Google not indexing craigslist – SearchTempest switches to Bing
As of February 28, Google has stopped indexing new craigslist posts. Or more specifically, every day between about 5pm and midnight PST, they index them as usual. Then at midnight, they throw them all away. So anyone searching Google for craigslist posts over the past couple weeks has been faced with a giant gap since the beginning of March.
SearchTempest has no affiliation with craigslist, so until recently, we used Google to power our searches. Since Google is no longer getting the job done though, we’ve switched to Bing!

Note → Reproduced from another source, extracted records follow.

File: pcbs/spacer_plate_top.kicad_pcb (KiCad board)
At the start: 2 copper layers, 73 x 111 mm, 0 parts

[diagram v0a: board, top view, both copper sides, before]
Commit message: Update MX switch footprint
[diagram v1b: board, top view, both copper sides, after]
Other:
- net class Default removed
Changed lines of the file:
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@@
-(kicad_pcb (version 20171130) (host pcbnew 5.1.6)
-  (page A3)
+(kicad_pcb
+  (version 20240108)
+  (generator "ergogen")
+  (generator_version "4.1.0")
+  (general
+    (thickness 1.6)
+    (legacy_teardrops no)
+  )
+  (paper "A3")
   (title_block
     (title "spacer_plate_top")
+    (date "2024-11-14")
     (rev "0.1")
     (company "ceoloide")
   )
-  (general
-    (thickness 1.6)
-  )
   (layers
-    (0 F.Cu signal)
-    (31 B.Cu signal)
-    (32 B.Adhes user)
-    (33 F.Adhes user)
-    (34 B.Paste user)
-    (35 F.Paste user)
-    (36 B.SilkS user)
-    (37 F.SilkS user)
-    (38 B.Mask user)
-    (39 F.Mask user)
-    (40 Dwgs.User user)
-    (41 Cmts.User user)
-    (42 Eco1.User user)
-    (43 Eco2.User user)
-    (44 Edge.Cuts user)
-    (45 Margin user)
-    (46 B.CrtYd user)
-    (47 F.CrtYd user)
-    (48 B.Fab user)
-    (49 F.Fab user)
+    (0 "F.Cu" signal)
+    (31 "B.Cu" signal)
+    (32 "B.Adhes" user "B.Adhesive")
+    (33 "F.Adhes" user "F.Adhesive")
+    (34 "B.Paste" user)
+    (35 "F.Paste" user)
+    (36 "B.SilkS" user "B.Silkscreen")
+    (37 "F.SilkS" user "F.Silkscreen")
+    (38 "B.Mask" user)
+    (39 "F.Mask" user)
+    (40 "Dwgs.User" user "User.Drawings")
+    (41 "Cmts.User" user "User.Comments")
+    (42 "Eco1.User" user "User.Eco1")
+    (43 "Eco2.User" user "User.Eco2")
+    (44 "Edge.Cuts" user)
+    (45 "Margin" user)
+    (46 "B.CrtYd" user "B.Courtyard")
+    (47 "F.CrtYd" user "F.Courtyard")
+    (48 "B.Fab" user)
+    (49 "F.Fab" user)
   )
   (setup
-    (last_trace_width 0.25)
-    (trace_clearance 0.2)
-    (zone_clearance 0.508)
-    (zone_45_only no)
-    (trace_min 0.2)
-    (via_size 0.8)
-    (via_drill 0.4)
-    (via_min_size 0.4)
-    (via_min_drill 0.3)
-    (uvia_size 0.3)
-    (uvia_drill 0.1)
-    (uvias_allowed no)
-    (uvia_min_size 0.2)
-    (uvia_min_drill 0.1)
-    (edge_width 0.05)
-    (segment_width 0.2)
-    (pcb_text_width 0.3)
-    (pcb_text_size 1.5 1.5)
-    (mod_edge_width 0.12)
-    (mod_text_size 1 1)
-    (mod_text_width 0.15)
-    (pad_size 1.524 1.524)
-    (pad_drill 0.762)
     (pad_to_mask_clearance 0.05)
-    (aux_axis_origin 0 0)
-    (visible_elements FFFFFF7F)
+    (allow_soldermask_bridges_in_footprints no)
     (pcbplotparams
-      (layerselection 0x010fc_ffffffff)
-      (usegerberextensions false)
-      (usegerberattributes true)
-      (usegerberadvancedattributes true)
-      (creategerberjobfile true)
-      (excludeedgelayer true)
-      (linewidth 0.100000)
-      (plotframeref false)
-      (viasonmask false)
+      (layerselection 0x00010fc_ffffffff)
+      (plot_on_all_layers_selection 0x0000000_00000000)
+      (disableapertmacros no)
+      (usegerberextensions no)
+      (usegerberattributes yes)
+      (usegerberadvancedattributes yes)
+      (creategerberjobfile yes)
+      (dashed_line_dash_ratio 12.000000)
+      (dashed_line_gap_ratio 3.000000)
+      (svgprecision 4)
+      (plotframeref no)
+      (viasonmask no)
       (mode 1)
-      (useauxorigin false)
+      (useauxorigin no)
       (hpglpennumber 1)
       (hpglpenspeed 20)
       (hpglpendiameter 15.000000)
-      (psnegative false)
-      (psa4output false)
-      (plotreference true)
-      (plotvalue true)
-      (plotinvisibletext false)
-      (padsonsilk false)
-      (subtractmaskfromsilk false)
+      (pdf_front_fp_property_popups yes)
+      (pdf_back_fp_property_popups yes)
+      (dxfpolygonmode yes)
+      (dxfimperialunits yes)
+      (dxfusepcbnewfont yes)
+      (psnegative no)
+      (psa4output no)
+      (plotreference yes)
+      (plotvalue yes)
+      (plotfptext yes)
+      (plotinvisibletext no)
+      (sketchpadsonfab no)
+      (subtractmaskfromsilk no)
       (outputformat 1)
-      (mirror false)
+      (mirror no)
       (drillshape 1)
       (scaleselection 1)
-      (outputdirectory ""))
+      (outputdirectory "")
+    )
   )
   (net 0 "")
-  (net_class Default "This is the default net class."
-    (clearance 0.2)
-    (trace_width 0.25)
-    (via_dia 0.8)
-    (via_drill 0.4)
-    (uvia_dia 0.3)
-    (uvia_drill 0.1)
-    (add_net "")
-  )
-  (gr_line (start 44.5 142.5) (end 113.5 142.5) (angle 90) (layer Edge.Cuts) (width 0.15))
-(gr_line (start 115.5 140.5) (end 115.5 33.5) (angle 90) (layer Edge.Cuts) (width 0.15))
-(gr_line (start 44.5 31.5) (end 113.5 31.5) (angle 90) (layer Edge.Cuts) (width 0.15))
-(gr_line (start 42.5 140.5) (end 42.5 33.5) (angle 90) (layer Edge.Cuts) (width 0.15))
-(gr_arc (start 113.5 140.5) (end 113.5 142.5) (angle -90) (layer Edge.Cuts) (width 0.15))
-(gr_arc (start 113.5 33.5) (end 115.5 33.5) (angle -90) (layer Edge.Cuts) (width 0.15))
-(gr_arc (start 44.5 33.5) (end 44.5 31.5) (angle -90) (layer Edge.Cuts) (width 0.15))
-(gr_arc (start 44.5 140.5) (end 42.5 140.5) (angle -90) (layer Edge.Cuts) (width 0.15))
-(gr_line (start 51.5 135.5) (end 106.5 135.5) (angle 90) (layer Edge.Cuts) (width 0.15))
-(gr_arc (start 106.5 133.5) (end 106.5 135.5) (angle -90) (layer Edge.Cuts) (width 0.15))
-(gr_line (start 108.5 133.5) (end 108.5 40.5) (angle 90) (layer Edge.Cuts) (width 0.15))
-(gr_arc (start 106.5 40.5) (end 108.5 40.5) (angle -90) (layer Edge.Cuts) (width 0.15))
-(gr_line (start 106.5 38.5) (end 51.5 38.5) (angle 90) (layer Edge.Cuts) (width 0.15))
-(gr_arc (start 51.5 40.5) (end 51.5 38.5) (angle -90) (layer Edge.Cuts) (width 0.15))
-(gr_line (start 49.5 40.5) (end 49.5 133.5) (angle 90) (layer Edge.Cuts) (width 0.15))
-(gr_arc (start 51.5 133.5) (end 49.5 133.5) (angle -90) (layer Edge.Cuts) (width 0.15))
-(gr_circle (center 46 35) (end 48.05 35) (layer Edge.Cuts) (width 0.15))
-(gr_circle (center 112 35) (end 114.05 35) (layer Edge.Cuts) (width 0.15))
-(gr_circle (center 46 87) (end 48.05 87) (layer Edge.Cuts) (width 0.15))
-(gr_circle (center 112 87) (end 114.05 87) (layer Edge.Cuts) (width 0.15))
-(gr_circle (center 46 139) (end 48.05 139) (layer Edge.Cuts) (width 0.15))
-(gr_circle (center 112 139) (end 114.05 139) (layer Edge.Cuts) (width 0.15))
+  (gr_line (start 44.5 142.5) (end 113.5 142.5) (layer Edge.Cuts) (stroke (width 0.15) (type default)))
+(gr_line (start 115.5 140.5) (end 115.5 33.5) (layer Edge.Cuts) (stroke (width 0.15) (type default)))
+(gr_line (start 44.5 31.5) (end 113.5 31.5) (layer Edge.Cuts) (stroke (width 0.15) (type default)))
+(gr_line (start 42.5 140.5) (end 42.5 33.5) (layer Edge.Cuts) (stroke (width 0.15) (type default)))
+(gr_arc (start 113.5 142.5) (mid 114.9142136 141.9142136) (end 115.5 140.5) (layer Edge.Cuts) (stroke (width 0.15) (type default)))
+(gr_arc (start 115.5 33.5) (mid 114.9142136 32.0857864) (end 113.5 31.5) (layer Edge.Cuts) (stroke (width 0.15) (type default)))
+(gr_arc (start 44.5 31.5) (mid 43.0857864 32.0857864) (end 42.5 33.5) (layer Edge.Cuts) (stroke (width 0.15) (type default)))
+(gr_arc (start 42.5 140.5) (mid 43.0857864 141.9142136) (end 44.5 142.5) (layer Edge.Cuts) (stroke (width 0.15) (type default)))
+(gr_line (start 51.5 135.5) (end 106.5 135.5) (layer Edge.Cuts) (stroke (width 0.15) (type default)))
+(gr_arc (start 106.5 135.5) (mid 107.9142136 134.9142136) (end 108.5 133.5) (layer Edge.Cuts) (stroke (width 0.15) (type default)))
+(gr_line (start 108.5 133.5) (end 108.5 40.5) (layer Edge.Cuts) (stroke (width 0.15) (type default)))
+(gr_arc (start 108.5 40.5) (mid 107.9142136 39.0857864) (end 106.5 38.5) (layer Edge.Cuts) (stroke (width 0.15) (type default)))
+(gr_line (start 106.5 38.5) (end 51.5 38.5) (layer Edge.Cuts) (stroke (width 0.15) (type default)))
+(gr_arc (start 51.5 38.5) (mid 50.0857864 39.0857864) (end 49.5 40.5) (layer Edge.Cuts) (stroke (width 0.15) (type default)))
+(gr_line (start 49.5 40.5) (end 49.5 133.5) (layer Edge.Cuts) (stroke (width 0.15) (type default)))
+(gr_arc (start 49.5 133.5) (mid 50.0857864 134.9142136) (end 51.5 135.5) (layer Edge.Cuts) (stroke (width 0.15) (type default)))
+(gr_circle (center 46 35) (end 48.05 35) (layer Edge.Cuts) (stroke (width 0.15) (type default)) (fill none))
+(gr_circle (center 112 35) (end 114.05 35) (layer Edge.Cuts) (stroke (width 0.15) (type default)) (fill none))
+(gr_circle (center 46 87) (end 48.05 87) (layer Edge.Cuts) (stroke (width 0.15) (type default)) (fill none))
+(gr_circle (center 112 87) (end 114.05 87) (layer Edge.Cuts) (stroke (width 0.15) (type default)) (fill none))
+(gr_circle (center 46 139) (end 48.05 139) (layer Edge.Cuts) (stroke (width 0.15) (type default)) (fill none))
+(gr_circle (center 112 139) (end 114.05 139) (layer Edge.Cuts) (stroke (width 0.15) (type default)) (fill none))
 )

To be honest, Bing’s API doesn’t hold a candle to Google Custom Search. You can’t sort by date, specify a list of urls to search (Google’s ‘annotations’), or even reliably search within the url at all. (Bing does have a semi-hidden option, instreamset:(url):{text}, which is similar to Google’s inurl:{text}, but we’ve found it to be unreliable.)
That said, through some clever manipulation of query strings and a mess of hard-coded special cases, we’ve managed to come up with a Bing-powered craigslist search that’s quite functional. If you’re frustrated by not being able to search craigslist through Google like before, give it a try!
Hi Nathan, my name is Matt Cutts and I’m an engineer in the search quality group at Google. Thanks for asking about this; it helped the indexing team uncover an issue in how we’re indexing Craigslist, and we’re in the process of fixing it right now.
To understand what happened, you need to know about the “Expires” HTTP header and Google’s “unavailable_after” extension to the Robots Exclusion Protocol. As you can see at http://googleblog.blogspot.com/2007/07/robots-exclusion-protocol-now-with-even.html , Google’s “unavailable_after” lets a website say “after date X, remove this page from Google’s main web search results.” In contrast, the “Expires” HTTP header relates to caching, and gives the date when a page is considered stale.
A few years ago, users were complaining that Google was returning pages from Craigslist that were defunct or where the offer had expired a long time ago. And at the time, Craigslist was using the “Expires” HTTP header as if it were “unavailable_after”–that is, the Expires header was describing when the listing on Craigslist was obsolete and shouldn’t be shown to users. We ended up writing an algorithm for sites that appeared to be using the Expires header (instead of “unavailable_after”) to try to list when content was defunct and shouldn’t be shown anymore.
You might be able to see where this is going. Not too long ago, Craigslist changed how they generated the “Expires” HTTP header. It looks like they moved to the traditional interpretation of Expires for caching, and our indexing system didn’t notice. We’re in the process of fixing this, and I expect it to be fixed pretty quickly. The indexing team has already corrected this, so now it’s just a matter of re-crawling Craigslist over the next few days.
So we were trying to go the extra mile to help users not see defunct pages, but that caused an issue when Craigslist changed how they used the “Expires” HTTP header. It sounded like you preferred Google’s Custom Search API over Bing’s so it should be safe to switch back to Google if you want. Thanks again for pointing this out.
So, will you, TEMPEST NATHAN, please switch back to Google now! PLEASE!
As soon as the problem is truly fixed, yep! Matt’s post is very encouraging, but take a look – Google still does not have any new craigslist posts as of 2:15pm March 15: https://www.google.com/search?num=20&safe=off&tbs=qdr:m,sbd:1&q=table+site:craigslist.org+-intitle:classifieds
I’ve replied to your email to get a better idea of the problems you’re having with the current Bing setup.
Sorry, I was out yesterday doing a long run near Sacramento, but the indexing team mentioned that this should be fixed now. In general, it might take 2-3 days for things to get back to a more normal state, but this is on our radar now. Thanks again for pointing it out.
No problem, thanks again for your responses! I’ll let you know if things don’t appear to be back to normal in a few days.
Nathan & Matt,
As I posted in the Google Search Forum, here is a more specific query that demonstrates that the indexing is still not correct. This is from the New York Craigslist site, which is the second busiest Craigslist site. I should be seeing, at minimum, 100’s if not 1000’s of ads here:
https://www.google.com/search?num=20&safe=off&tbs=qdr:d,sbd:1&q=car+inurl:cto+site:newyork.craigslist.org+-intitle:classifieds
Yet, I only see 1 ad at this particular time (11:10pm EST)
Please get this resolved soon. This is unbearable. Thank You.
Matt, I am an investigator and I specialize in stolen vehicles and the craigslist postings are vital to a majority of my investigations. Can you confirm if the indexing issue has been resolved?